A rolled turkey breast is an elegant entr?solution for small gatherings.

Ingredients

  • 1 single boneless turkey breast, (1-1/2 lb/750 g)
  • 1 tbsp extra-virgin olive oil
  • 1/2 tsp salt
  • 1/2 tsp pepper
  • 2 tbsp all-purpose flour
  • 1 cup sodium-reduced chicken stock
  • Stuffing:
  • 1 pkg (14 g) dried shiitake mushrooms
  • 1/3 cup hazelnuts
  • 1-1/2 cups coarse fresh bread crumbs
  • 1 tbsp extra-virgin olive oil
  • 1/4 cup butter
  • 1 cup finely chopped leeks or onions, (white parts only)
  • 1 clove garlic, minced
  • 1/2 tsp dried thyme
  • 1/2 tsp salt
  • 1/2 tsp pepper
  • 1 tbsp brandy or sodium-reduced chicken stock
  • 2 tbsp chopped fresh parsley

Preparation

Stuffing: Soak mushrooms in 1 cup (250 mL) boiling water for 15 minutes. Strain through sieve, reserving mushroom water for gravy. Remove and discard stems; coarsely chop mushrooms.

On baking sheet, toast hazelnuts in 350°F (180°C) toaster oven or oven until fragrant and skins crack, about 8 minutes. Transfer to tea towel; rub briskly to remove as much of the skins as possible. Coarsely chop.

In skillet, toast bread crumbs over medium-high heat until golden, about 3 minutes. Add oil; fry until crispy, about 1 minute. Transfer to bowl.

In skillet, melt butter over medium heat; fry leeks, garlic, mushrooms, thyme, salt and pepper, stirring occasionally, until vegetables are softened, about 6 minutes.

Stir in brandy; cook, stirring, until no liquid remains. Add to bread crumbs along with hazelnuts and parsley; toss to combine.

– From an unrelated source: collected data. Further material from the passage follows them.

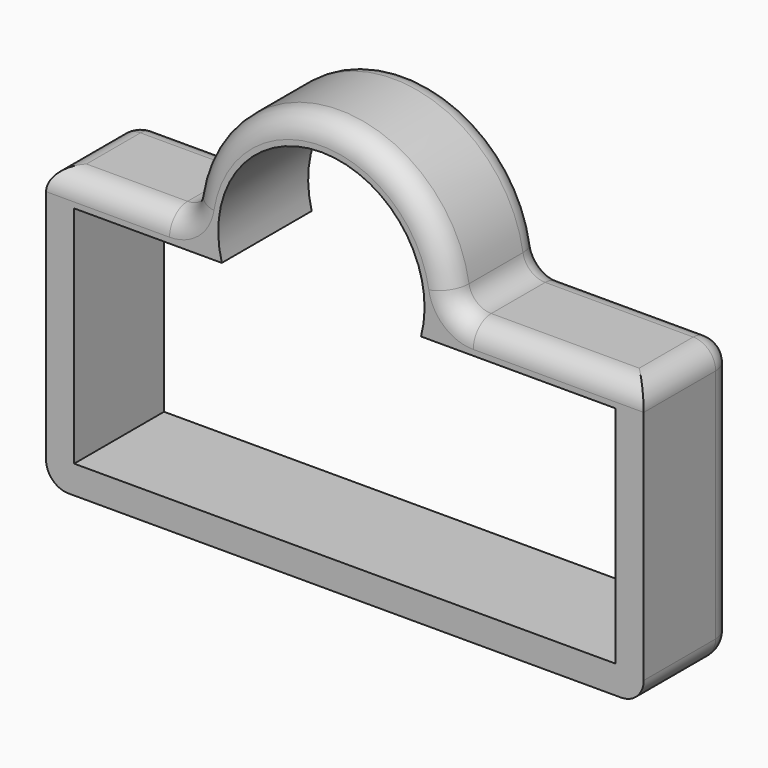
from build123d import *

# Parameters (mm, degrees)
F1_DEPTH = 25.4
F2_R     = 5.08


with BuildPart() as f1:
    # F0 (on Front) → F1 (new body)
    with BuildSketch(Plane.XZ):
        with BuildLine():
            Line((72.8656170726, 0.2934658736), (29.6668574194, 0.2934658736))
            ThreePointArc((29.6668574194, 0.2934658736), (0, 29.6683088726), (-29.6668574194, 0.2934658736))
            Line((-29.6668574194, 0.2934658736), (-62.2401205659, 0.2934658736))
            Line((-62.2401205659, 0.2934658736), (-62.2401205659, -63.2065341264))
            Line((-62.2401205659, -63.2065341264), (72.8656170726, -63.2065341264))
            Line((72.8656170726, -63.2065341264), (72.8656170726, 0.2934658736))
        make_face()
        with BuildLine():
            ThreePointArc((-22.5180355061, -6.0565341264), (0, 23.3183088726), (22.5180355061, -6.0565341264))
            Line((22.5180355061, -6.0565341264), (66.5156170726, -6.0565341264))
            Line((66.5156170726, -6.0565341264), (66.5156170726, -56.8565341264))
            Line((66.5156170726, -56.8565341264), (-55.8901205659, -56.8565341264))
            Line((-55.8901205659, -56.8565341264), (-55.8901205659, -6.0565341264))
            Line((-55.8901205659, -6.0565341264), (-22.5180355061, -6.0565341264))
        make_face(mode=Mode.SUBTRACT)
    extrude(amount=F1_DEPTH)

    # F2
    f2_edges = [f1.edges().sort_by_distance(p)[0] for p in [
        (51.266237, 0, 0.293466),
        (0, 0, 29.668309),
        (-45.953489, 0, 0.293466),
        (-62.240121, 0, -31.456534),
        (5.312748, 0, -63.206534),
        (72.865617, 0, -31.456534),
        (72.865617, -12.7, 0.293466),
        (-62.240121, -12.7, 0.293466),
        (29.666857, -12.7, 0.293466),
        (-29.666857, -12.7, 0.293466),
        (-45.953489, -25.4, 0.293466),
        (-62.240121, -12.7, -63.206534),
        (72.865617, -12.7, -63.206534),
        (51.266237, -25.4, 0.293466),
        (0, -25.4, 29.668309),
    ]]
    fillet(f2_edges, radius=F2_R)


solid = f1.part

With sharp knife held horizontally at thick long side of turkey, cut in half to within 1 inch (2.5 cm) of opposite side; open like book. Cover with waxed paper; pound to 1/2-inch (1 cm) thickness. Spread with stuffing, leaving 1-inch (2.5 cm) border on all sides. Starting at skinless side, roll up. Tie securely with string at 2-inch (5 cm) intervals. (Make-ahead: Wrap and refrigerate for up to 8 hours.)

Combine oil, salt and pepper; brush over turkey. Place on rack in roasting pan; pour in 1 cup (250 mL) water.

Roast in 375°F (190°C) oven, basting occasionally and adding 1/2 cup (125 mL) water halfway through, until no longer pink inside and meat thermometer inserted in centre registers 185°F (85°C), about 1 hour and 15 minutes.

Transfer turkey to cutting board and tent with foil; let stand for 15 minutes before slicing.

Meanwhile, skim fat from pan juices. Whisk in flour then stock and reserved mushroom water. Bring to boil; scraping up brown bits. Cook, stirring, until thickened, about 3 minutes. Strain into gravy boat. Serve with turkey.

Additional information : Tip: If roasting the turkey in a convection oven, reduce temperature to 350°F (180°C).